A Remembering Prayer

by Jeffrey Essmann | April 21, 2021 1:00 am

catholic poetry room[1]
This week’s poem in the Catholic Poetry Room is by Mary Margaret Freeman.                                                                                                 

A Remembering Prayer

Bless each day’s waking.

Keep yourself a silent house
that you may sort voice from voice.

Be faithful in prayer
for I will meet you there.

Don the apron of body and ghost
as you start your daily tasks.

Cross yourself with the duties of the day and let me,
the wage master, measure out your pay.

Fret not about what you are to eat or wear.

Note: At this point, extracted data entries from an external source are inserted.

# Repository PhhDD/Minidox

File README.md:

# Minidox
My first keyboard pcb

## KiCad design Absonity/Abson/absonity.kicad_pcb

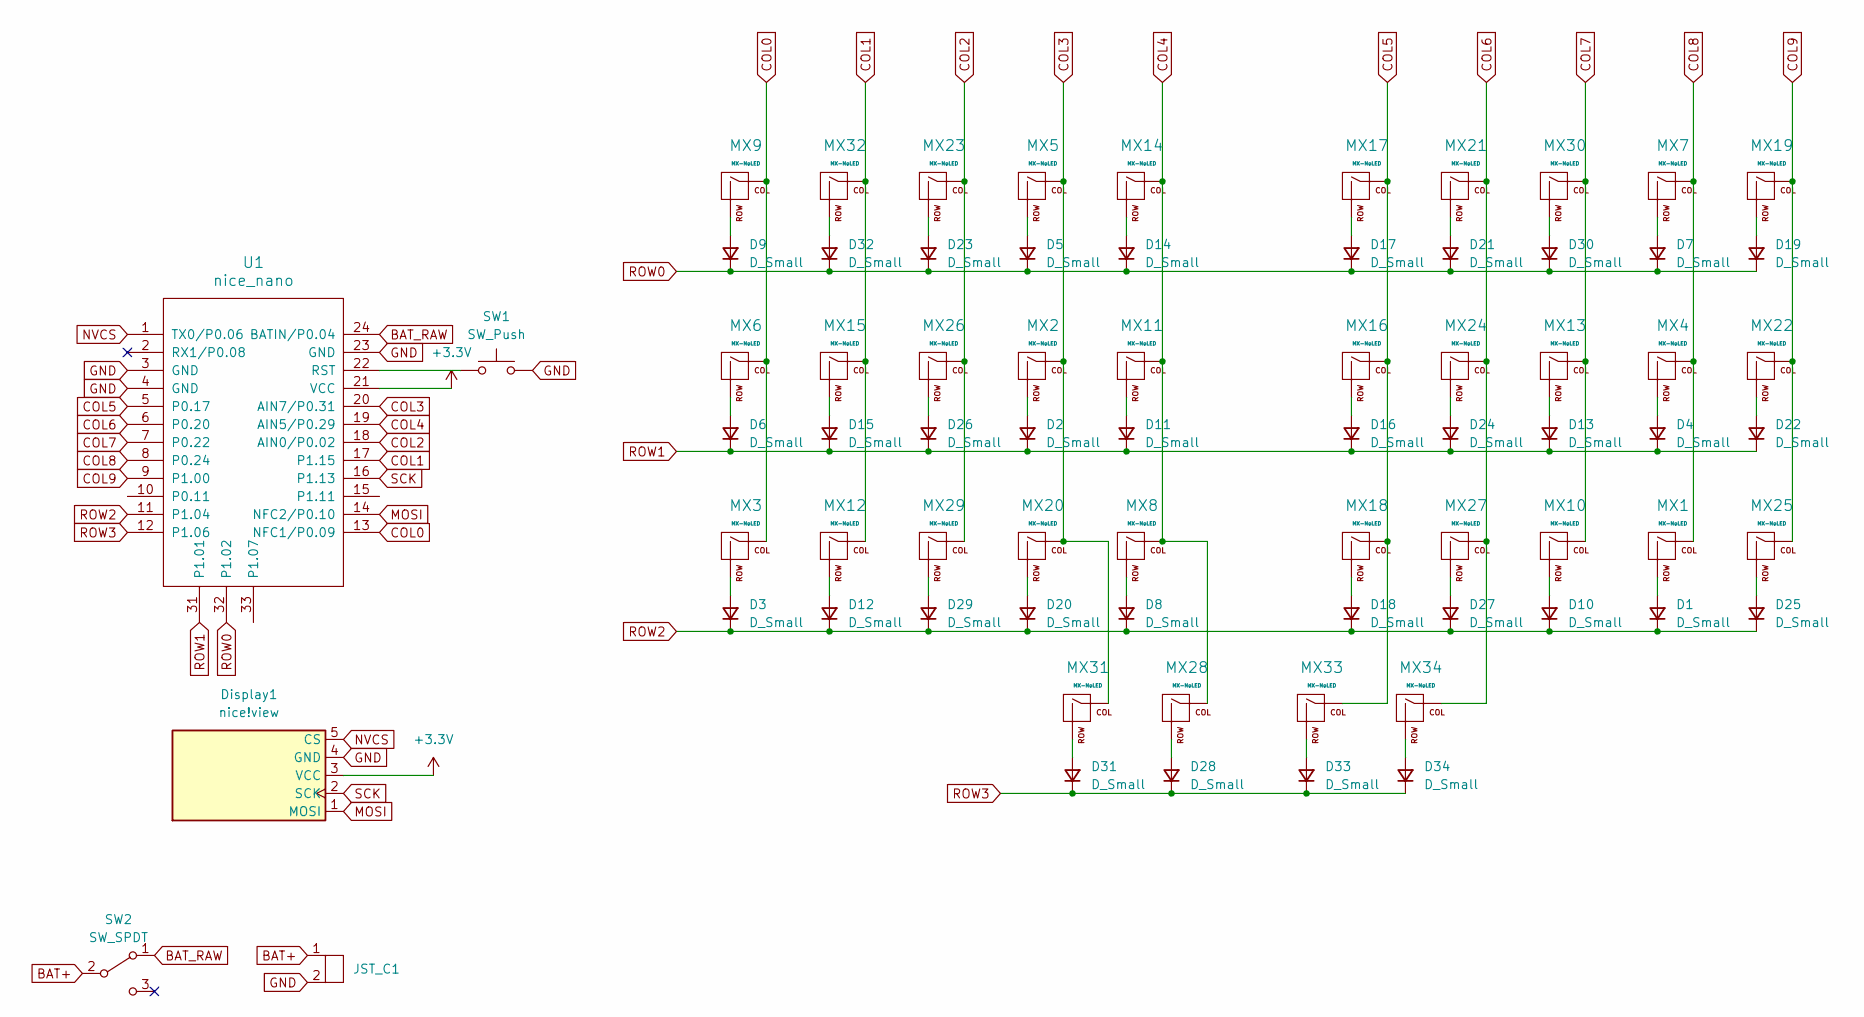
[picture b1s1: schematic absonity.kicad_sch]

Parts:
D1, D2, D3, D4, D5, D6, D7, D8, D9, D10, D11, D12, D13, D14, D15, D16, D17, D18, D19, D20, D21, D22, D23, D24, D25, D26, D27, D28, D29, D30, D31, D32, D33, D34: D_Small; D_SOD-123
Display1: nice!view; nice_view
JST_C1: JST_PH_S2B-PH-K_1x02_P2.00mm_Horizontal
MX1, MX2, MX3, MX4, MX5, MX6, MX7, MX8, MX9, MX10, MX11, MX12, MX13, MX14, MX15, MX16, MX17, MX18, MX19, MX20, MX21, MX22, MX23, MX24, MX25, MX26, MX27, MX29, MX30, MX31, MX32, MX34: MX-NoLED; MXOnly-1U-Hotswap
MX28, MX33: MX-NoLED; MXOnly-1.5U-Hotswap
SW1: SW_Push; SW_RESET
SW2: SW_SPDT; SW_SPDT_PCM12
U1: nice_nano

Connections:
+3.3V: Display1.3 (VCC), U1.21 (VCC)
BAT+: JST_C1.1, SW2.2 (B)
BAT_RAW: SW2.1 (A), U1.24 (BATIN/P0.04)
COL0: MX3.1 (COL), MX6.1 (COL), MX9.1 (COL), U1.13 (NFC1/P0.09)
COL1: MX12.1 (COL), MX15.1 (COL), MX32.1 (COL), U1.17 (P1.15)
COL2: MX23.1 (COL), MX26.1 (COL), MX29.1 (COL), U1.18 (AIN0/P0.02)
COL3: MX2.1 (COL), MX5.1 (COL), MX20.1 (COL), MX31.1 (COL), U1.20 (AIN7/P0.31)
COL4: MX8.1 (COL), MX11.1 (COL), MX14.1 (COL), MX28.1 (COL), U1.19 (AIN5/P0.29)
COL5: MX16.1 (COL), MX17.1 (COL), MX18.1 (COL), MX33.1 (COL), U1.5 (P0.17)
COL6: MX21.1 (COL), MX24.1 (COL), MX27.1 (COL), MX34.1 (COL), U1.6 (P0.20)
COL7: MX10.1 (COL), MX13.1 (COL), MX30.1 (COL), U1.7 (P0.22)
COL8: MX1.1 (COL), MX4.1 (COL), MX7.1 (COL), U1.8 (P0.24)
COL9: MX19.1 (COL), MX22.1 (COL), MX25.1 (COL), U1.9 (P1.00)
GND: Display1.4 (GND), JST_C1.2, SW1.2, U1.3 (GND), U1.4 (GND), U1.23 (GND)
MOSI: Display1.1 (MOSI), U1.14 (NFC2/P0.10)
NVCS: Display1.5 (CS), U1.1 (TX0/P0.06)
unnamed: D1.2 (A), MX1.2 (ROW)
unnamed: D2.2 (A), MX2.2 (ROW)
unnamed: D3.2 (A), MX3.2 (ROW)
unnamed: D4.2 (A), MX4.2 (ROW)
unnamed: D5.2 (A), MX5.2 (ROW)
unnamed: D6.2 (A), MX6.2 (ROW)
unnamed: D7.2 (A), MX7.2 (ROW)
unnamed: D8.2 (A), MX8.2 (ROW)
unnamed: D9.2 (A), MX9.2 (ROW)
unnamed: D10.2 (A), MX10.2 (ROW)
unnamed: D11.2 (A), MX11.2 (ROW)
unnamed: D12.2 (A), MX12.2 (ROW)
unnamed: D13.2 (A), MX13.2 (ROW)
unnamed: D14.2 (A), MX14.2 (ROW)
unnamed: D15.2 (A), MX15.2 (ROW)
unnamed: D16.2 (A), MX16.2 (ROW)
unnamed: D17.2 (A), MX17.2 (ROW)
unnamed: D18.2 (A), MX18.2 (ROW)
unnamed: D19.2 (A), MX19.2 (ROW)
unnamed: D20.2 (A), MX20.2 (ROW)
unnamed: D21.2 (A), MX21.2 (ROW)
unnamed: D22.2 (A), MX22.2 (ROW)
unnamed: D23.2 (A), MX23.2 (ROW)
unnamed: D24.2 (A), MX24.2 (ROW)
unnamed: D25.2 (A), MX25.2 (ROW)
unnamed: D26.2 (A), MX26.2 (ROW)
unnamed: D27.2 (A), MX27.2 (ROW)
unnamed: D28.2 (A), MX28.2 (ROW)
unnamed: D29.2 (A), MX29.2 (ROW)
unnamed: D30.2 (A), MX30.2 (ROW)
unnamed: D31.2 (A), MX31.2 (ROW)
unnamed: D32.2 (A), MX32.2 (ROW)
unnamed: D33.2 (A), MX33.2 (ROW)
unnamed: D34.2 (A), MX34.2 (ROW)
unnamed: SW1.1, U1.22 (RST)
ROW0: D5.1 (K), D7.1 (K), D9.1 (K), D14.1 (K), D17.1 (K), D19.1 (K), D21.1 (K), D23.1 (K), D30.1 (K), D32.1 (K), U1.32 (P1.02)
ROW1: D2.1 (K), D4.1 (K), D6.1 (K), D11.1 (K), D13.1 (K), D15.1 (K), D16.1 (K), D22.1 (K), D24.1 (K), D26.1 (K), U1.31 (P1.01)
ROW2: D1.1 (K), D3.1 (K), D8.1 (K), D10.1 (K), D12.1 (K), D18.1 (K), D20.1 (K), D25.1 (K), D27.1 (K), D29.1 (K), U1.11 (P1.04)
ROW3: D28.1 (K), D31.1 (K), D33.1 (K), D34.1 (K), U1.12 (P1.06)
SCK: Display1.2 (SCK), U1.16 (P1.13)

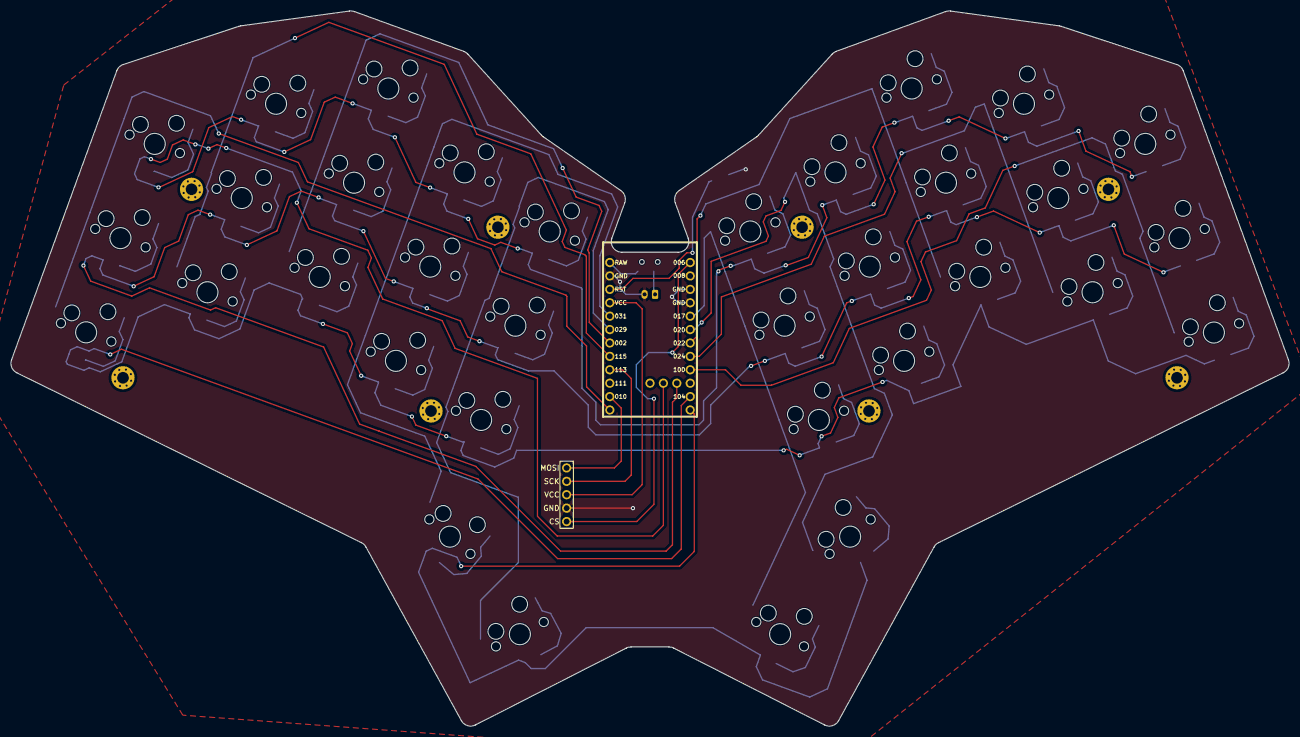
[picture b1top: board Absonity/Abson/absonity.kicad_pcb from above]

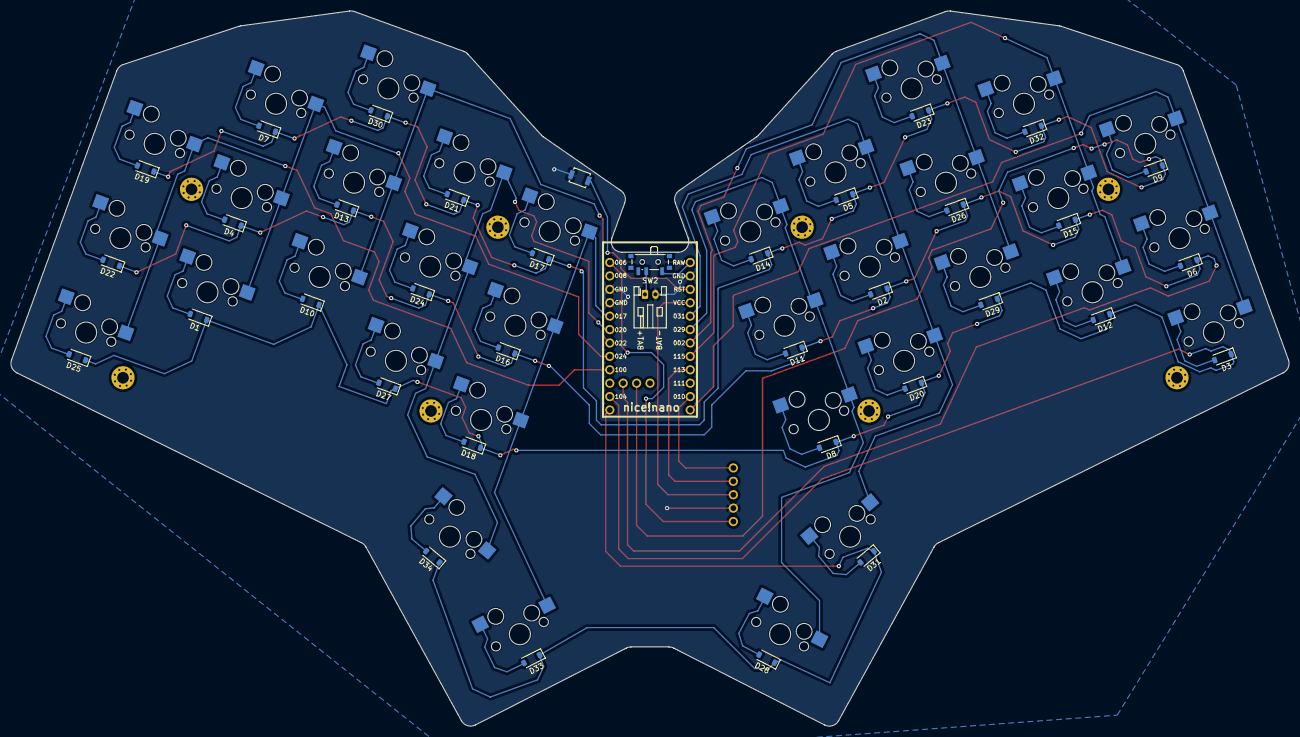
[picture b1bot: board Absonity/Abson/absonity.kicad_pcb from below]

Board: 2 copper layers, 242.2 x 135.5 mm, 81 parts (38 on the bottom side), 56 nets.

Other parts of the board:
_1, _2, _3, _4, _5, _6, _7, _8: MountingHole_2.2mm_M2_Pad_Via

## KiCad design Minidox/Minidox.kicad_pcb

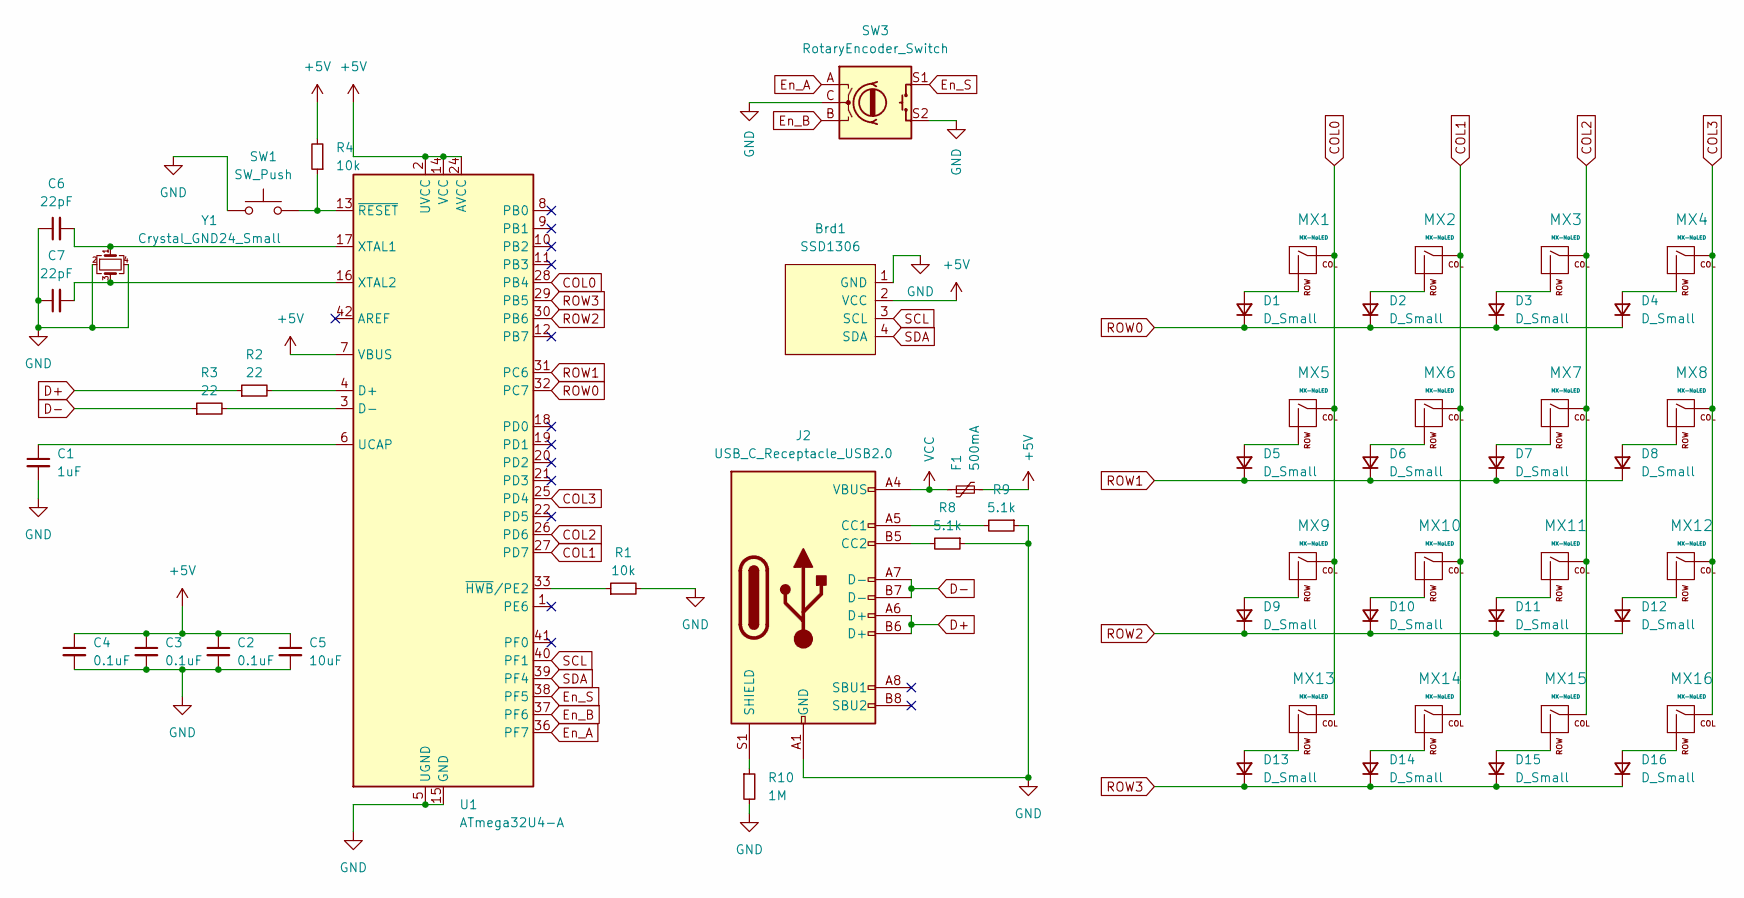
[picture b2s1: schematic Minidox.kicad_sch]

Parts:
Brd1: SSD1306; 128x64OLED
C1: 1uF; C_0805_2012Metric_Pad1.18x1.45mm_HandSolder
C2, C3, C4: 0.1uF; C_0805_2012Metric_Pad1.18x1.45mm_HandSolder
C5: 10uF; C_0805_2012Metric_Pad1.18x1.45mm_HandSolder
C6, C7: 22pF; C_0805_2012Metric_Pad1.18x1.45mm_HandSolder
D1, D2, D3, D4, D5, D6, D7, D8, D9, D10, D11, D12, D13, D14, D15, D16: D_Small; D_SOD-123
F1: 500mA; Fuse_1206_3216Metric_Pad1.42x1.75mm_HandSolder
J2: USB_C_Receptacle_USB2.0; USB_C_Receptacle_HRO_TYPE-C-31-M-12
MX1, MX2, MX3, MX4, MX5, MX6, MX7, MX8, MX9, MX10, MX11, MX12, MX13, MX14, MX15, MX16: MX-NoLED; MX-1U-NoLED
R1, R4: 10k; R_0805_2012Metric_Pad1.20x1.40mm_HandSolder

Open your door to the stranger.

Be tender in word and deed lest you
snap a reed or quench a spark.

Lavish the mercy on all I lavish on you.

Take simple things for consolation:
your two cats
the day rinsed by rain
a nap without clocks
a talk with a friend.

Hallow your nights with contrition and thanksgiving.

Let my heart beat in yours and yours in mine.

Remember that you are my servant
in life and in death.

Trust always in me.


Mary Margaret Freeman’s poetry has appeared in The Christian Century, First Things, Outside the Lines and The Hillsdale Review. In 2017, she presented her long poem, “The Climbing Tree,” before a live audience at Scratch: Works-in-Progress at Living Arts of Tulsa, a community-engaged, contemporary arts non-profit. In 2015, she won second place for “Storm Headaches” in the Adult Creative Writing Poetry Competition, sponsored by the Tulsa City-County Library. She explores faith, doubt, and creation as infused and shaped by the Trinitarian God. She currently lives in Tulsa, Oklahoma.